Data records
======
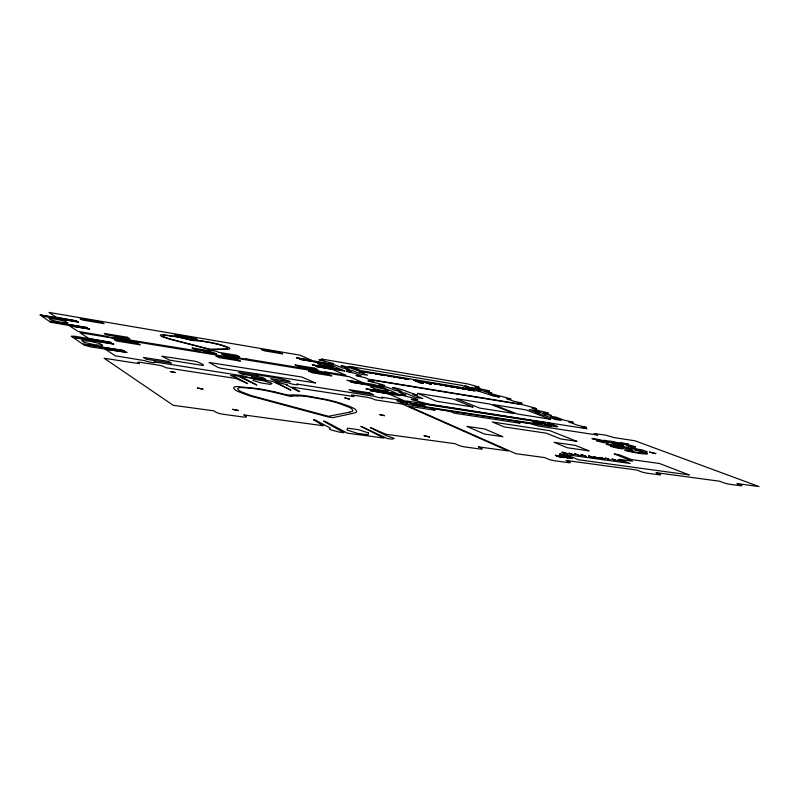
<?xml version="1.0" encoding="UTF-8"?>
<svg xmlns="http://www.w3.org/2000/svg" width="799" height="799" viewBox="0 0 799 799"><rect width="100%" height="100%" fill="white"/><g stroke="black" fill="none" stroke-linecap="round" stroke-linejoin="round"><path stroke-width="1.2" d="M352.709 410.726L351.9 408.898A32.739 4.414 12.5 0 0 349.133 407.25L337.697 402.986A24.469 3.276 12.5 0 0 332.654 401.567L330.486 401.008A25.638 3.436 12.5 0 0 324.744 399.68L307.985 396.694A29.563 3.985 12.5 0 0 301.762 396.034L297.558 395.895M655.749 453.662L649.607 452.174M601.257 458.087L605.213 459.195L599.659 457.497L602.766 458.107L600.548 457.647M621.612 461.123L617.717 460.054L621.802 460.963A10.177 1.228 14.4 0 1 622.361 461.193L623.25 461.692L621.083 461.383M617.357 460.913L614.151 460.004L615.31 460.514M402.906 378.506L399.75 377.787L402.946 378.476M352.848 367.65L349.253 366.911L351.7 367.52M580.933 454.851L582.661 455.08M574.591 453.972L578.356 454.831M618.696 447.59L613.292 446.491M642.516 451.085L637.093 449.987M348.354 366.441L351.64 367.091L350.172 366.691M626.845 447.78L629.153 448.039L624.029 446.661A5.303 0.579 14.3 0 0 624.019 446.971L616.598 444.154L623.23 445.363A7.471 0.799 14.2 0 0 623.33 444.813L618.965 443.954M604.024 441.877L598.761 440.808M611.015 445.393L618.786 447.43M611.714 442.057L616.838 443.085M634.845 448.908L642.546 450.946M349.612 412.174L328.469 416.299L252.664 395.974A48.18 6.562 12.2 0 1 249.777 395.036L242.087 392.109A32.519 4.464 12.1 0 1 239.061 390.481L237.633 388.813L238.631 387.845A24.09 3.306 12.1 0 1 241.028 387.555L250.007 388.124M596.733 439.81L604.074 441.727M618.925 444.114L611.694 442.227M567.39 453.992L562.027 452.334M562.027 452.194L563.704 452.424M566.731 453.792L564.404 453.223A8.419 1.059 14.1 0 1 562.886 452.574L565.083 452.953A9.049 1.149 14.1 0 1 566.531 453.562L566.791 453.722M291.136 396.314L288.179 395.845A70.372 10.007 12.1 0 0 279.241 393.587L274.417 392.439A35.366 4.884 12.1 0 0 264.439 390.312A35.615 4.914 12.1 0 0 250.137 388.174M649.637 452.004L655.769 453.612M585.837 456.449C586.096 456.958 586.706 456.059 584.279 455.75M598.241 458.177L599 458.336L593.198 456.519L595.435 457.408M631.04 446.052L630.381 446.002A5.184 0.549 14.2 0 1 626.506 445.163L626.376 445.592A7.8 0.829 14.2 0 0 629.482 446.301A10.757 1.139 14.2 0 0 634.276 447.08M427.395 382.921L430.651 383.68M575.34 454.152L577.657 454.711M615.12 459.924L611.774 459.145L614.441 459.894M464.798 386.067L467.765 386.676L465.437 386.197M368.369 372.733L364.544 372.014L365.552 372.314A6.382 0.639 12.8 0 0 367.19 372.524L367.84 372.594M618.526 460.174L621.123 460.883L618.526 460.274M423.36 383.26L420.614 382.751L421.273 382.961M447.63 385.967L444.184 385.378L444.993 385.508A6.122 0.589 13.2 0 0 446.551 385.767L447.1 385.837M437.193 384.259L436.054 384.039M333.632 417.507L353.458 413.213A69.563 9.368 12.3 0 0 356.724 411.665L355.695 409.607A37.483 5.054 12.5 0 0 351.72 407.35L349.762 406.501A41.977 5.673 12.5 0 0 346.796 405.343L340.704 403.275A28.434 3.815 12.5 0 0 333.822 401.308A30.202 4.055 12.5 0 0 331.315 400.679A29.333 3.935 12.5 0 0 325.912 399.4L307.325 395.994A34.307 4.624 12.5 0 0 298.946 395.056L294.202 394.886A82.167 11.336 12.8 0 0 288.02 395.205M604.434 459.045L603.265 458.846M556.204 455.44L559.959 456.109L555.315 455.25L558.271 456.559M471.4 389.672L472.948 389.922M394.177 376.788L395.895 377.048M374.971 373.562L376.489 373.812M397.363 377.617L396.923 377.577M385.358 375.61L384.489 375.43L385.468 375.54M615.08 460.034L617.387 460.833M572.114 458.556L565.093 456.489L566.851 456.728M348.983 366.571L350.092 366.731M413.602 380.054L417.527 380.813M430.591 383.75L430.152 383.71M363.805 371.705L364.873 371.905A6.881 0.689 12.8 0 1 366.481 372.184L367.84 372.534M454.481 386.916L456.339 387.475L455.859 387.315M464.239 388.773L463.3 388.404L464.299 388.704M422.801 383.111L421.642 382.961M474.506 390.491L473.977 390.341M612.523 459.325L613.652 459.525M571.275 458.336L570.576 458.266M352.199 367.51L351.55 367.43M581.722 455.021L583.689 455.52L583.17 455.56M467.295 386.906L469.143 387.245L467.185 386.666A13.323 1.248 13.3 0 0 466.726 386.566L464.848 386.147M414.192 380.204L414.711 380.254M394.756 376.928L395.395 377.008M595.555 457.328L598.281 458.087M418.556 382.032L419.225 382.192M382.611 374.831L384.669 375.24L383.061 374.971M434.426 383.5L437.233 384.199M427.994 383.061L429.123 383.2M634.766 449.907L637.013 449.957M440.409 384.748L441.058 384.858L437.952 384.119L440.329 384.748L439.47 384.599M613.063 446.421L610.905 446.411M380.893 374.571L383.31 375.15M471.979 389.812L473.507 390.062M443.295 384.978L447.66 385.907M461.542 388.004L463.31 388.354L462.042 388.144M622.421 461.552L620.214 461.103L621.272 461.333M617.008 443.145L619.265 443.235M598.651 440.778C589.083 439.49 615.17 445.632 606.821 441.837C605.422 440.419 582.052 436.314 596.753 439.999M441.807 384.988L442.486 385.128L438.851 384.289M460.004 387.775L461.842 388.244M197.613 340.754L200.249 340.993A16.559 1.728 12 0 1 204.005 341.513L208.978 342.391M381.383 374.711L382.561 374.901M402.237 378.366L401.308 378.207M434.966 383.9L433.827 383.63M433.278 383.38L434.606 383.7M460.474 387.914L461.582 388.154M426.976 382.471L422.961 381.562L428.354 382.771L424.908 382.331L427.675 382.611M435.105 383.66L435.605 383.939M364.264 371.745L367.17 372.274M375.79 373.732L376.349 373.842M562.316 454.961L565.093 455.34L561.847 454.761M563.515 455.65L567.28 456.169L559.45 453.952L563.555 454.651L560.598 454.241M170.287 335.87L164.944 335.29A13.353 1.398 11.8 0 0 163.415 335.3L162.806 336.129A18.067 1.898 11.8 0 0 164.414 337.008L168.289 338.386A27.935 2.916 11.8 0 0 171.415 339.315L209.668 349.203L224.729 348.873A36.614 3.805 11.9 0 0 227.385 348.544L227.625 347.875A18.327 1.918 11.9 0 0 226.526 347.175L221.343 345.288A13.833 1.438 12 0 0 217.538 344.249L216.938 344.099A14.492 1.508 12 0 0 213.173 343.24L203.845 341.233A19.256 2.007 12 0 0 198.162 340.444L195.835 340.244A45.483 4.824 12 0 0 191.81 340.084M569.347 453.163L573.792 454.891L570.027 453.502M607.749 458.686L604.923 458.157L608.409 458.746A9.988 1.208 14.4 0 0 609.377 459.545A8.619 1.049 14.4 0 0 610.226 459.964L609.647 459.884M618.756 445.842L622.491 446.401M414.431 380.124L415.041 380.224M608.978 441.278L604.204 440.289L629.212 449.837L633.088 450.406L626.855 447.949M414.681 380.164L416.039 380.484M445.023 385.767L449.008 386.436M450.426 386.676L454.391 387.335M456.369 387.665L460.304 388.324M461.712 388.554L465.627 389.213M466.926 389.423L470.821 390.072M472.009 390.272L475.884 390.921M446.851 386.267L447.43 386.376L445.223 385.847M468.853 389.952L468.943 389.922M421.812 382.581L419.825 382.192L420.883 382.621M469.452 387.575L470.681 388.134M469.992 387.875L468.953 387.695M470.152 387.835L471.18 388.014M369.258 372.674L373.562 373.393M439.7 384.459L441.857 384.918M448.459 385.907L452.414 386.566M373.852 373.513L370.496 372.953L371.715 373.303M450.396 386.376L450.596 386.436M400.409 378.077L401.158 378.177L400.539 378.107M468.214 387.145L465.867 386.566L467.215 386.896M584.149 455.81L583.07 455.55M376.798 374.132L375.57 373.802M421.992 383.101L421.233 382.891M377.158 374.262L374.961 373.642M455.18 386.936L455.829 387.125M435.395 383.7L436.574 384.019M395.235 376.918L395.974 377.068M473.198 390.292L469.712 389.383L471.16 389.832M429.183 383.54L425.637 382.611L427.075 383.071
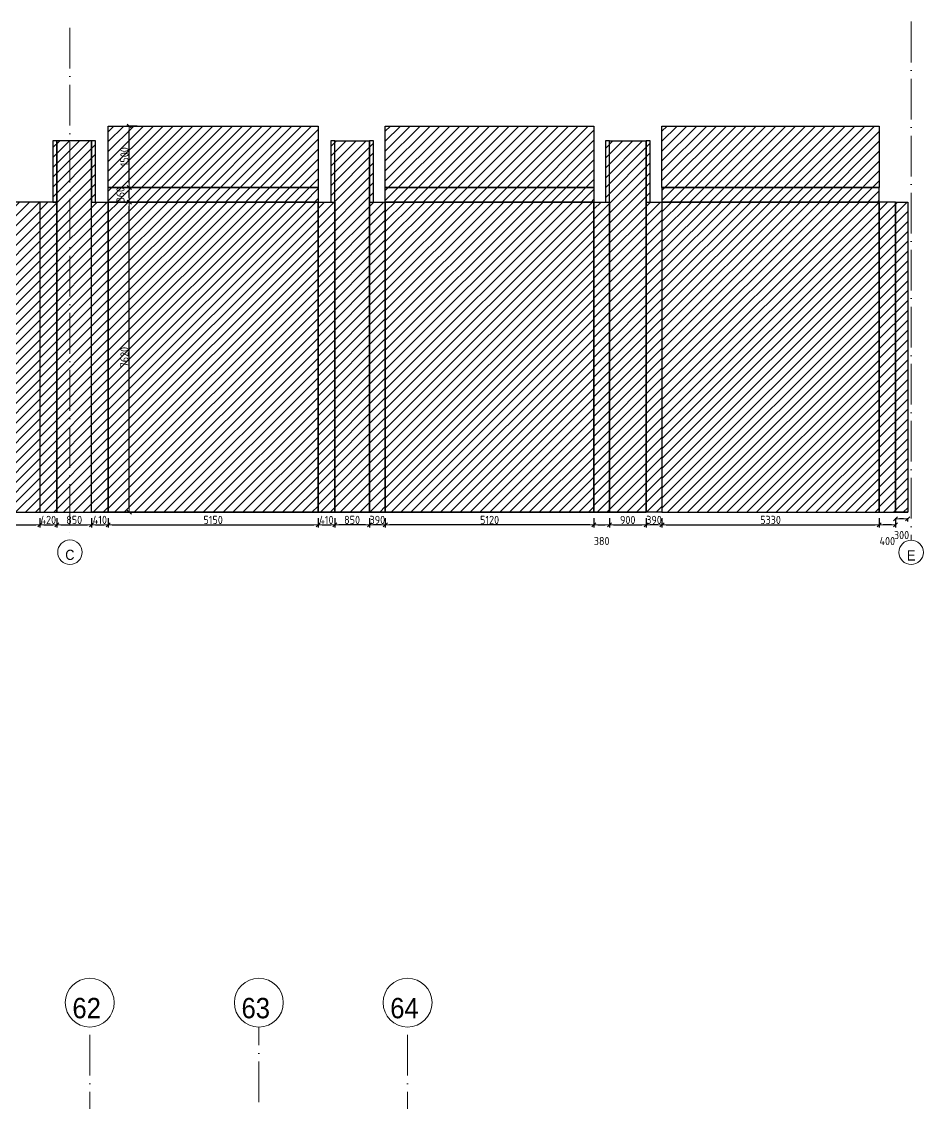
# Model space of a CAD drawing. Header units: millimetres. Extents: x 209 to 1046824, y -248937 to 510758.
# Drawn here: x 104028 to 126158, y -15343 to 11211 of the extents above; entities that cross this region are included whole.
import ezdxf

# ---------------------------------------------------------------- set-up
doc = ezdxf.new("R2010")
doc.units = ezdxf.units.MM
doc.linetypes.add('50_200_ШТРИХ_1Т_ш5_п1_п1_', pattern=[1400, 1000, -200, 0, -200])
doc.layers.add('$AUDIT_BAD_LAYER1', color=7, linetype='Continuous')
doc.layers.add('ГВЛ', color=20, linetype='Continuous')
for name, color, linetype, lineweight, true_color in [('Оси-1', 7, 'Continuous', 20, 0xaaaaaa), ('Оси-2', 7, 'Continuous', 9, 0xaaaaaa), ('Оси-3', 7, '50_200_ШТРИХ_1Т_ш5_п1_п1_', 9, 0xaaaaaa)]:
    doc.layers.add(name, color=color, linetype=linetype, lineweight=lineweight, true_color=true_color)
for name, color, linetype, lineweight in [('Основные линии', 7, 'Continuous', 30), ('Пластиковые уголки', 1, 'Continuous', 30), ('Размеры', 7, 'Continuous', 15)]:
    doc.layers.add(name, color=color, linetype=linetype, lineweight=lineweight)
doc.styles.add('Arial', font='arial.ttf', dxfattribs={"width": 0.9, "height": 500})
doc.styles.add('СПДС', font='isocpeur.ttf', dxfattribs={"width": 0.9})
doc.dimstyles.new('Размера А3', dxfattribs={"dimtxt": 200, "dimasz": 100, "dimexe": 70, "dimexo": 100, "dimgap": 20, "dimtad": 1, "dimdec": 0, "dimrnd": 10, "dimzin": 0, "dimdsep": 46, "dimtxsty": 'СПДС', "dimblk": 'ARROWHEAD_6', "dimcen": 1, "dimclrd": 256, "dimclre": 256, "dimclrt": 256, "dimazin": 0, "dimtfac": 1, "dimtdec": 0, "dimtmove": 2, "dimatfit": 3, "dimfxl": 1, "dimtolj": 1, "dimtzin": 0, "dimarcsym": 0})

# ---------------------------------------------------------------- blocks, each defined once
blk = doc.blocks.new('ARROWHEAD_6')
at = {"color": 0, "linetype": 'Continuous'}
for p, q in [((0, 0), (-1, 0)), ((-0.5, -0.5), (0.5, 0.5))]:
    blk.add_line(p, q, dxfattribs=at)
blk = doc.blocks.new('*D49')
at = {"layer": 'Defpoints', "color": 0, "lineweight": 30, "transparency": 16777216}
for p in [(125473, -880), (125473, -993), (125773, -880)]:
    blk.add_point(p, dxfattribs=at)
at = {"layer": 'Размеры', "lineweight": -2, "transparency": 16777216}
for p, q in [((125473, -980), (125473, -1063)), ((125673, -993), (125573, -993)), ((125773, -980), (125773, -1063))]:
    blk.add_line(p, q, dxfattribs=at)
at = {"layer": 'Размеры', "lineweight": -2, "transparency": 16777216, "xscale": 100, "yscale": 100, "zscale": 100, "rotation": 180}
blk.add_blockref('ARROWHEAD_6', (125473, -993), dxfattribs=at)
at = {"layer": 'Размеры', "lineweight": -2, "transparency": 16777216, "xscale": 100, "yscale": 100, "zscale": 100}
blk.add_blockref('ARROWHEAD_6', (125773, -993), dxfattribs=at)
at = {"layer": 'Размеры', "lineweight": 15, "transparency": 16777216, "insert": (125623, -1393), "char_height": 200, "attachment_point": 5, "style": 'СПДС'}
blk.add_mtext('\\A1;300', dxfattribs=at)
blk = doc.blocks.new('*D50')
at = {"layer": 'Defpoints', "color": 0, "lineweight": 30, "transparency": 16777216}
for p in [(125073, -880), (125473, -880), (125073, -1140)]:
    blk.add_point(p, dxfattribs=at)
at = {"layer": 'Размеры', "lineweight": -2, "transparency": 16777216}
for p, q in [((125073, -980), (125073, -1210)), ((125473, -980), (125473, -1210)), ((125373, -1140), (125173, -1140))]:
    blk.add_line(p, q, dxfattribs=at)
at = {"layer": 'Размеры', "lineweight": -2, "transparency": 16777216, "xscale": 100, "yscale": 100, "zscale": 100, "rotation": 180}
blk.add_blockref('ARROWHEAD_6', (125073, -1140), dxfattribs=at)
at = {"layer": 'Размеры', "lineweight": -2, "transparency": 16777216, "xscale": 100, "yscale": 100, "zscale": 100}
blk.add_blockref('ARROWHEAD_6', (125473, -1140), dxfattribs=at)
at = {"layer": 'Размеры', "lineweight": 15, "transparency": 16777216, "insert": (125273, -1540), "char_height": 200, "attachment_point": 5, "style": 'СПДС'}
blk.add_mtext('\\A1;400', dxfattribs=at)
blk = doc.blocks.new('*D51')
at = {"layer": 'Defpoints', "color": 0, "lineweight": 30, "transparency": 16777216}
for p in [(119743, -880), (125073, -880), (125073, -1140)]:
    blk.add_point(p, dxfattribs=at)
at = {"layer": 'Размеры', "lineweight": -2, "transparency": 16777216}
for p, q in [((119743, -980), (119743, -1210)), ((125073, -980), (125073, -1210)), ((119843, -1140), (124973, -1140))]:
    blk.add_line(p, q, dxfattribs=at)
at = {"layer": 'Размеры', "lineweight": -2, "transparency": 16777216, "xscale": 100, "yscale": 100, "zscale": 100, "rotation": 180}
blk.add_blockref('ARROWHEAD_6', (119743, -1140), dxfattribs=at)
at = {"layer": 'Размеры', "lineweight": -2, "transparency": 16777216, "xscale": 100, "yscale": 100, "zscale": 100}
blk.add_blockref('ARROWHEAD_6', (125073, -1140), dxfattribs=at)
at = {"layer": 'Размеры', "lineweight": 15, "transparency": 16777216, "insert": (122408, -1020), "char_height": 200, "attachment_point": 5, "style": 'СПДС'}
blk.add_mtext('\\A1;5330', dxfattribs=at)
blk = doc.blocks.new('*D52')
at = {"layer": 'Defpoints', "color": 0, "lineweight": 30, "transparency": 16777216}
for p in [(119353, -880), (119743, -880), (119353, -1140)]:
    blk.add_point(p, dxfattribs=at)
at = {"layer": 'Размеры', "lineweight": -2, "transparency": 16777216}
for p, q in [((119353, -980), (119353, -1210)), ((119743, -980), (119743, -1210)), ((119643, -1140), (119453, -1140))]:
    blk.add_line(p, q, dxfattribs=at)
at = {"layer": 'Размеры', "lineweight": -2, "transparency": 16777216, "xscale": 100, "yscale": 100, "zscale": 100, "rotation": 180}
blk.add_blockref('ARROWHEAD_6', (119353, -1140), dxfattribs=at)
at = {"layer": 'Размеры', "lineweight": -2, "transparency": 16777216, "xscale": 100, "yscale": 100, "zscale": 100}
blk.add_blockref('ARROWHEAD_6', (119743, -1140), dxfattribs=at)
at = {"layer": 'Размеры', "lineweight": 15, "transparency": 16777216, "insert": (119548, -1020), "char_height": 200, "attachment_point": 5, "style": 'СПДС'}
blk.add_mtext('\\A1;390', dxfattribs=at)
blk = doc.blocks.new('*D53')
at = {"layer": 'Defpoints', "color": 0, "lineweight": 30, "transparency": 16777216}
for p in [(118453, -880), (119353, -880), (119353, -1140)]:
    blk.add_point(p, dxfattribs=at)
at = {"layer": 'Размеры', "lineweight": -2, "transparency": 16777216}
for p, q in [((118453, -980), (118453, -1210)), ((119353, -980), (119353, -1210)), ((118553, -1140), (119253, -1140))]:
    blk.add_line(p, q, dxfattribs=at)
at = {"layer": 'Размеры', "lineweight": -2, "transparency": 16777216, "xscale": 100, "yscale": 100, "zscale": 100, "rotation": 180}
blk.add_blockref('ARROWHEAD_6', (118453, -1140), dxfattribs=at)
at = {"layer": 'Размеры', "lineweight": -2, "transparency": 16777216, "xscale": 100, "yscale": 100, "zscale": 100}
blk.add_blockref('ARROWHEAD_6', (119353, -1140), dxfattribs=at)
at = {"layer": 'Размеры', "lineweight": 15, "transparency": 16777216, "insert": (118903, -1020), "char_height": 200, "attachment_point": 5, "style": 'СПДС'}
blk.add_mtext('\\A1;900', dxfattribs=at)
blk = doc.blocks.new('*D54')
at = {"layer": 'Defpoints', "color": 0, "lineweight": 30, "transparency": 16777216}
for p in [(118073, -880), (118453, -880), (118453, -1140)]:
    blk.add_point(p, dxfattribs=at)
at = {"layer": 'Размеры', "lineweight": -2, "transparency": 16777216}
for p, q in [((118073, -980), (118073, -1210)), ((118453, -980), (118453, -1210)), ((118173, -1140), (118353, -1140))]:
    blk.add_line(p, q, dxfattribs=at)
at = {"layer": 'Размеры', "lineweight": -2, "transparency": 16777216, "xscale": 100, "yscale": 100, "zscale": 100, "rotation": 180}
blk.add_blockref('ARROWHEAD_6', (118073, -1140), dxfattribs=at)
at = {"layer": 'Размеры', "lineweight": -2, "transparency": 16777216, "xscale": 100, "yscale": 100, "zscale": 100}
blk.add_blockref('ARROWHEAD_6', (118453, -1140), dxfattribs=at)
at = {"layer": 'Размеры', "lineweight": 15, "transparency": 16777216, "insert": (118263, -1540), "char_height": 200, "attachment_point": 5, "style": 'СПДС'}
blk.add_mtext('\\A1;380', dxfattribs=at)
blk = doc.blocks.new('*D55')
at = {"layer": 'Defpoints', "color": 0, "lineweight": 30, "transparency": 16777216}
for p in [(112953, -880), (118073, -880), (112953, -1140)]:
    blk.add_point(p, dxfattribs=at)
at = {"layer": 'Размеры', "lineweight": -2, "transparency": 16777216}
======
*WHAT THE TASK ASKS*:
Could you work out how many lines above contain the string "ezdxf"? Answer with the number only.

*SOLUTION FOR THIS EXERCISE*:
3